> [About this exercise]
All pictures should be dropped, and only the lines from the top of the entries below through the line containing "import ezdxf" repeated exactly, both ends included.

Records excerpted from a collection
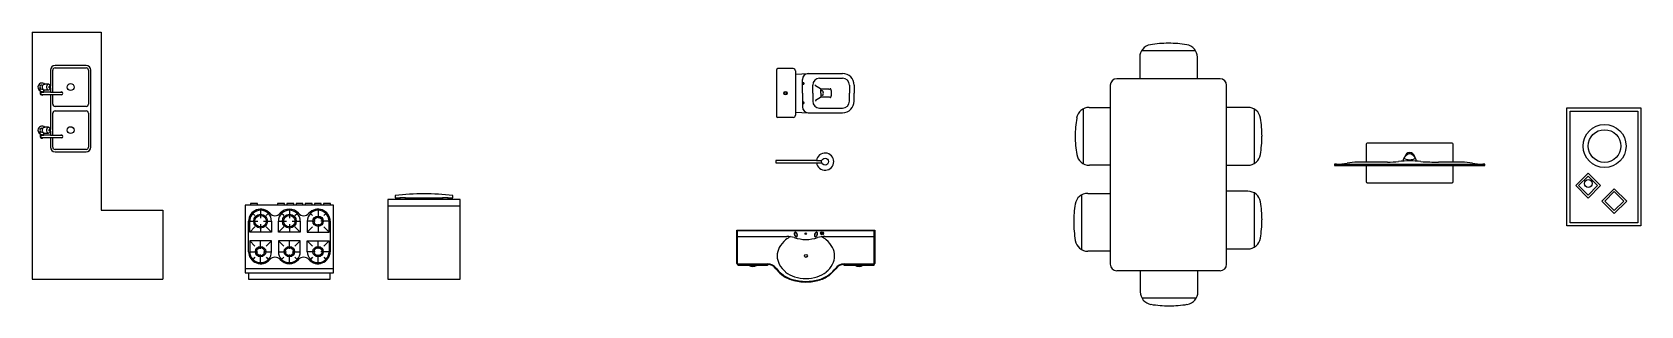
# Model space of a CAD drawing. Header units: centimetres. Extents: x 1322 to 4059, y 2074 to 2366.
# Drawn here: x 1322 to 2722, y 2074 to 2312 of the extents above; entities that cross this region are included whole.
import ezdxf

# ---------------------------------------------------------------- set-up
doc = ezdxf.new("R2010")
doc.units = ezdxf.units.CM
doc.layers.add('Blocos', color=242, linetype='Continuous')

# ---------------------------------------------------------------- blocks, each defined once
blk = doc.blocks.new('pia_cozinha')
at = {"layer": 'Blocos'}
for p, q in [((0, 214.9), (60, 214.9)), ((0, 214.9), (0, 0)), ((60, 214.9), (60, 60)), ((15.9, 181.9), (15.9, 167.9)), ((17.9, 162.7), (17.9, 181.9)), ((46.9, 185.9), (19.9, 185.9)), ((19.9, 183.9), (46.9, 183.9)), ((48.9, 181.9), (48.9, 152.4)), ((50.9, 114.9), (50.9, 181.9)), ((8.5, 168.9), (9.2, 168.9)), ((10.5, 169.7), (10.9, 169.7)), ((14.2, 169.7), (10.9, 169.7)), ((7, 164), (7, 166)), ((7, 164), (7, 161.7)), ((8.5, 165.4), (9.2, 165.4)), ((8.5, 162.7), (10, 162.7)), ((8.5, 160.7), (9.6, 160.7)), ((9.6, 160.7), (15.9, 160.7)), ((10, 164), (10, 164.8)), ((10, 162.7), (10, 164)), ((15.9, 162.7), (10, 162.7)), ((10.5, 164.7), (10.9, 164.7)), ((10.9, 164.7), (14.2, 164.7)), ((15.9, 166.4), (15.9, 162.7)), ((15.9, 162.7), (25.5, 162.7)), ((15.9, 160.7), (25.5, 160.7)), ((15.9, 160.7), (15.9, 130.4)), ((17.9, 152.4), (17.9, 160.7)), ((17.9, 125.2), (17.9, 144.4)), ((46.9, 150.4), (19.9, 150.4)), ((19.9, 146.4), (46.9, 146.4)), ((48.9, 144.4), (48.9, 114.9)), ((7, 126.5), (7, 128.5)), ((7, 126.5), (7, 124.2)), ((8.5, 131.4), (9.2, 131.4)), ((8.5, 127.9), (9.2, 127.9)), ((10, 126.5), (10, 127.3)), ((10, 125.2), (10, 126.5)), ((10.5, 132.2), (10.9, 132.2)), ((10.5, 127.2), (10.9, 127.2)), ((14.2, 132.2), (10.9, 132.2)), ((10.9, 127.2), (14.2, 127.2)), ((15.9, 128.9), (15.9, 125.2)), ((8.5, 125.2), (10, 125.2)), ((8.5, 123.2), (9.6, 123.2)), ((9.6, 123.2), (15.9, 123.2)), ((15.9, 125.2), (10, 125.2)), ((15.9, 125.2), (25.5, 125.2)), ((15.9, 123.2), (25.5, 123.2)), ((15.9, 123.2), (15.9, 114.9)), ((17.9, 114.9), (17.9, 123.2)), ((46.9, 112.9), (19.9, 112.9)), ((19.9, 110.9), (46.9, 110.9)), ((60, 60), (113.6, 60)), ((113.6, 60), (113.6, 0)), ((0, 0), (113.6, 0))]:
    blk.add_line(p, q, dxfattribs=at)
for centre in [(33.4, 167.2), (33.4, 129.7)]:
    blk.add_circle(centre, 3, dxfattribs=at)
for centre, radius, start, end in [((19.9, 181.9), 4, 90, 180), ((19.9, 181.9), 2, 90, 180), ((46.9, 181.9), 4, 0, 90), ((46.9, 181.9), 2, 0, 90), ((8.5, 167.2), 3.5, 45.5847, 244.6231), ((8.5, 167.2), 1.75, 90, 204.62), ((12.2, 167.2), 3.52, 163.6751, 180), ((11.4, 167.4), 2.62, 144.7356, 163.6751), ((10.8, 167.8), 1.95, 120.3612, 144.7356), ((10.5, 168.4), 1.27, 90, 120.3612), ((16, 167.2), 3.52, 163.6751, 180), ((15.1, 167.4), 2.62, 144.7356, 163.6751), ((14.6, 167.8), 1.95, 120.3612, 144.7356), ((14.2, 168.4), 1.27, 90, 120.3612), ((14.2, 168.4), 1.27, 59.6388, 90), ((13.9, 167.8), 1.95, 35.2644, 59.6388), ((13.3, 167.4), 2.62, 16.3249, 35.2644), ((12.5, 167.2), 3.52, 12.2054, 16.3249), ((6, 166), 1, 360, 24.62), ((8.5, 167.2), 1.75, 211.0027, 270), ((8.5, 161.7), 1.5, 41.8103, 180), ((8.5, 161.7), 1.5, 180, 318.1897), ((8.5, 161.7), 1, 90.0002, 270.0002), ((12.2, 167.2), 3.52, 180, 196.3249), ((11.4, 166.9), 2.62, 196.3249, 215.2644), ((10.8, 166.6), 1.95, 215.2644, 239.6388), ((10.5, 166), 1.27, 239.6388, 270), ((8.5, 167.2), 3.5, 295.3769, 314.4153), ((16, 167.2), 3.52, 180, 196.3249), ((15.1, 166.9), 2.62, 196.3249, 215.2644), ((14.6, 166.6), 1.95, 215.2644, 239.6388), ((14.2, 166), 1.27, 239.6388, 270), ((14.2, 166), 1.27, 270, 300.3612), ((15.5, 167.2), 1.06, 163.6751, 180), ((15.5, 167.2), 1.06, 180, 196.3249), ((15.2, 167.3), 0.787, 144.7356, 163.6751), ((15.2, 167.1), 0.787, 196.3249, 215.2644), ((15.1, 167.4), 0.586, 120.3612, 144.7356), ((15.1, 167), 0.586, 215.2644, 239.6388), ((15, 167.6), 0.381, 90, 120.3612), ((15, 166.8), 0.381, 239.6388, 270), ((13.9, 166.6), 1.95, 300.3612, 324.7356), ((15, 167.6), 0.381, 59.6388, 90), ((15, 166.8), 0.381, 270, 300.3612), ((14.9, 167.4), 0.586, 35.2644, 59.6388), ((14.9, 167), 0.586, 300.3612, 324.7356), ((14.7, 167.3), 0.787, 16.3249, 35.2644), ((14.7, 167.1), 0.787, 324.7356, 343.6751), ((14.4, 167.2), 1.06, 360, 16.3249), ((14.4, 167.2), 1.06, 343.6751, 0), ((13.3, 166.9), 2.62, 324.7356, 343.6751), ((12.5, 167.2), 3.52, 343.6751, 347.7946), ((12.5, 167.2), 3.52, 0, 12.2054), ((12.5, 167.2), 3.52, 347.7946, 360), ((25.5, 161.7), 1.25, 233.1301, 126.8699), ((25.5, 161.7), 1, 270.0001, 90.0001), ((19.9, 152.4), 2, 180, 270), ((19.9, 144.4), 2, 90, 180), ((46.9, 152.4), 2, 270, 0), ((46.9, 144.4), 2, 0, 90), ((8.5, 129.7), 3.5, 45.5847, 244.6231), ((8.5, 129.7), 1.75, 90, 204.62), ((6, 128.5), 1, 360, 24.62), ((8.5, 129.7), 1.75, 211.0027, 270), ((12.2, 129.7), 3.52, 163.6751, 180), ((12.2, 129.7), 3.52, 180, 196.3249), ((11.4, 129.9), 2.62, 144.7356, 163.6751), ((11.4, 129.4), 2.62, 196.3249, 215.2644), ((10.8, 130.3), 1.95, 120.3612, 144.7356), ((10.8, 129.1), 1.95, 215.2644, 239.6388), ((10.5, 130.9), 1.27, 90, 120.3612), ((10.5, 128.5), 1.27, 239.6388, 270), ((8.5, 129.7), 3.5, 295.3769, 314.4153), ((16, 129.7), 3.52, 163.6751, 180), ((16, 129.7), 3.52, 180, 196.3249), ((15.1, 129.9), 2.62, 144.7356, 163.6751), ((15.1, 129.4), 2.62, 196.3249, 215.2644), ((14.6, 130.3), 1.95, 120.3612, 144.7356), ((14.6, 129.1), 1.95, 215.2644, 239.6388), ((14.2, 130.9), 1.27, 90, 120.3612), ((14.2, 128.5), 1.27, 239.6388, 270), ((14.2, 130.9), 1.27, 59.6388, 90), ((14.2, 128.5), 1.27, 270, 300.3612), ((15.5, 129.7), 1.06, 163.6751, 180), ((15.5, 129.7), 1.06, 180, 196.3249), ((15.2, 129.8), 0.787, 144.7356, 163.6751), ((15.2, 129.6), 0.787, 196.3249, 215.2644), ((15.1, 129.9), 0.586, 120.3612, 144.7356), ((15.1, 129.5), 0.586, 215.2644, 239.6388), ((15, 130.1), 0.381, 90, 120.3612), ((15, 129.3), 0.381, 239.6388, 270), ((13.9, 130.3), 1.95, 35.2644, 59.6388), ((13.9, 129.1), 1.95, 300.3612, 324.7356), ((15, 130.1), 0.381, 59.6388, 90), ((15, 129.3), 0.381, 270, 300.3612), ((14.9, 129.9), 0.586, 35.2644, 59.6388), ((14.9, 129.5), 0.586, 300.3612, 324.7356), ((14.7, 129.8), 0.787, 16.3249, 35.2644), ((14.7, 129.6), 0.787, 324.7356, 343.6751), ((13.3, 129.9), 2.62, 16.3249, 35.2644), ((14.4, 129.7), 1.06, 0, 16.3249), ((14.4, 129.7), 1.06, 343.6751, 0), ((13.3, 129.4), 2.62, 324.7356, 343.6751), ((12.5, 129.7), 3.52, 12.2054, 16.3249), ((12.5, 129.7), 3.52, 343.6751, 347.7946), ((12.5, 129.7), 3.52, 0, 12.2054), ((12.5, 129.7), 3.52, 347.7946, 360), ((8.5, 124.2), 1.5, 41.8103, 180), ((8.5, 124.2), 1.5, 180, 318.1897), ((8.5, 124.2), 1, 90.0002, 270.0002), ((19.9, 114.9), 4, 180, 270), ((19.9, 114.9), 2, 180, 270), ((25.5, 124.2), 1.25, 233.1301, 126.8699), ((25.5, 124.2), 1, 270.0001, 90.0001), ((46.9, 114.9), 2, 270, 0), ((46.9, 114.9), 4, 270, 0)]:
    blk.add_arc(centre, radius, start, end, dxfattribs=at)
blk = doc.blocks.new('fogão_6bocas')
at = {"layer": 'Blocos'}
for p, q in [((-33.8, 64.5), (-38.5, 64.5)), ((-38.5, 64.5), (-38.5, 5.5)), ((-27.8, 66), (-33.8, 66)), ((-33.8, 66), (-33.8, 64.5)), ((-27.8, 64.5), (-33.8, 64.5)), ((-29.9, 55.4), (-31.7, 57.2)), ((-27.8, 64.5), (-27.8, 66)), ((-10.2, 64.5), (-27.8, 64.5)), ((-25, 60), (-25, 53)), ((-20.1, 55.4), (-18.3, 57.2)), ((-4.2, 66), (-10.2, 66)), ((-10.2, 66), (-10.2, 64.5)), ((-4.2, 64.5), (-10.2, 64.5)), ((-4.9, 55.4), (-6.7, 57.2)), ((-4.2, 64.5), (-4.2, 66)), ((-2.2, 64.5), (-4.2, 64.5)), ((3.8, 66), (-2.2, 66)), ((-2.2, 66), (-2.2, 64.5)), ((3.8, 64.5), (-2.2, 64.5)), ((0, 60), (0, 53)), ((3.8, 64.5), (3.8, 66)), ((5.8, 64.5), (3.8, 64.5)), ((4.9, 55.4), (6.7, 57.2)), ((11.8, 66), (5.8, 66)), ((5.8, 66), (5.8, 64.5)), ((11.8, 64.5), (5.8, 64.5)), ((11.8, 64.5), (11.8, 66)), ((13.8, 64.5), (11.8, 64.5)), ((19.8, 66), (13.8, 66)), ((13.8, 66), (13.8, 64.5)), ((19.8, 64.5), (13.8, 64.5)), ((20.1, 55.4), (18.3, 57.2)), ((19.8, 64.5), (19.8, 66)), ((21.8, 64.5), (19.8, 64.5)), ((27.8, 66), (21.8, 66)), ((21.8, 66), (21.8, 64.5)), ((27.8, 64.5), (21.8, 64.5)), ((25, 60), (25, 53)), ((27.8, 64.5), (27.8, 66)), ((29.8, 64.5), (27.8, 64.5)), ((35.8, 66), (29.8, 66)), ((29.8, 66), (29.8, 64.5)), ((35.8, 64.5), (29.8, 64.5)), ((29.9, 55.4), (31.7, 57.2)), ((35.8, 64.5), (35.8, 66)), ((38.5, 64.5), (35.8, 64.5)), ((38.5, 5.5), (38.5, 64.5)), ((-35.5, 24), (-35.5, 50.5)), ((-34.5, 41), (-34.5, 50.5)), ((-34.5, 50.5), (-27.5, 50.5)), ((-29.9, 45.6), (-34.5, 41)), ((-25, 48), (-25, 41)), ((-22.5, 50.5), (-15.5, 50.5)), ((-20.1, 45.6), (-15.5, 41)), ((-15.5, 50.5), (-15.5, 41)), ((-9.5, 41), (-9.5, 50.5)), ((-9.5, 50.5), (-2.5, 50.5)), ((-4.9, 45.6), (-9.5, 41)), ((0, 48), (0, 41)), ((2.5, 50.5), (9.5, 50.5)), ((4.9, 45.6), (9.5, 41)), ((9.5, 50.5), (9.5, 41)), ((22.5, 50.5), (15.5, 50.5)), ((15.5, 50.5), (15.5, 41)), ((20.1, 45.6), (15.5, 41)), ((25, 48), (25, 41)), ((34.5, 50.5), (27.5, 50.5)), ((29.9, 45.6), (34.5, 41)), ((34.5, 41), (34.5, 50.5)), ((35.5, 50.5), (35.5, 24)), ((-15.5, 41), (-34.5, 41)), ((-29.9, 28.9), (-34.5, 33.5)), ((-15.5, 33.5), (-34.5, 33.5)), ((-34.5, 33.5), (-34.5, 24)), ((-25, 26.5), (-25, 33.5)), ((-20.1, 28.9), (-15.5, 33.5)), ((-15.5, 24), (-15.5, 33.5)), ((9.5, 41), (-9.5, 41)), ((9.5, 33.5), (-9.5, 33.5)), ((-9.5, 33.5), (-9.5, 24)), ((-4.9, 28.9), (-9.5, 33.5)), ((0, 26.5), (0, 33.5)), ((4.9, 28.9), (9.5, 33.5)), ((9.5, 24), (9.5, 33.5)), ((15.5, 41), (34.5, 41)), ((15.5, 24), (15.5, 33.5)), ((15.5, 33.5), (34.5, 33.5)), ((20.1, 28.9), (15.5, 33.5)), ((25, 26.5), (25, 33.5)), ((29.9, 28.9), (34.5, 33.5)), ((34.5, 33.5), (34.5, 24)), ((-34.5, 24), (-27.5, 24)), ((-29.9, 19.1), (-31.7, 17.3)), ((-25, 14.5), (-25, 21.5)), ((-22.5, 24), (-15.5, 24)), ((-20.1, 19.1), (-18.3, 17.3)), ((-9.5, 24), (-2.5, 24)), ((-4.9, 19.1), (-6.7, 17.3)), ((0, 14.5), (0, 21.5)), ((2.5, 24), (9.5, 24)), ((4.9, 19.1), (6.7, 17.3)), ((22.5, 24), (15.5, 24)), ((20.1, 19.1), (18.3, 17.3)), ((25, 14.5), (25, 21.5)), ((34.5, 24), (27.5, 24)), ((29.9, 19.1), (31.7, 17.3)), ((-38.5, 9.5), (38.5, 9.5)), ((-38.5, 5.5), (-35.5, 5.5)), ((-35.5, 5.5), (35.5, 5.5)), ((-35.5, 5.5), (-35.5, 0)), ((-35.5, 0), (35.5, 0)), ((35.5, 0), (35.5, 5.5)), ((35.5, 5.5), (38.5, 5.5))]:
    blk.add_line(p, q, dxfattribs=at)
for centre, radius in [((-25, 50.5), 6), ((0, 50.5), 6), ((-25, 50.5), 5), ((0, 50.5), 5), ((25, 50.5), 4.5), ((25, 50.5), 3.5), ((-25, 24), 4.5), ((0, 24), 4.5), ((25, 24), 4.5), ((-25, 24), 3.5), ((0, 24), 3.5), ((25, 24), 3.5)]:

> [Solution]
# Model space of a CAD drawing. Header units: centimetres. Extents: x 1322 to 4059, y 2074 to 2366.
# Drawn here: x 1322 to 2722, y 2074 to 2312 of the extents above; entities that cross this region are included whole.
import ezdxf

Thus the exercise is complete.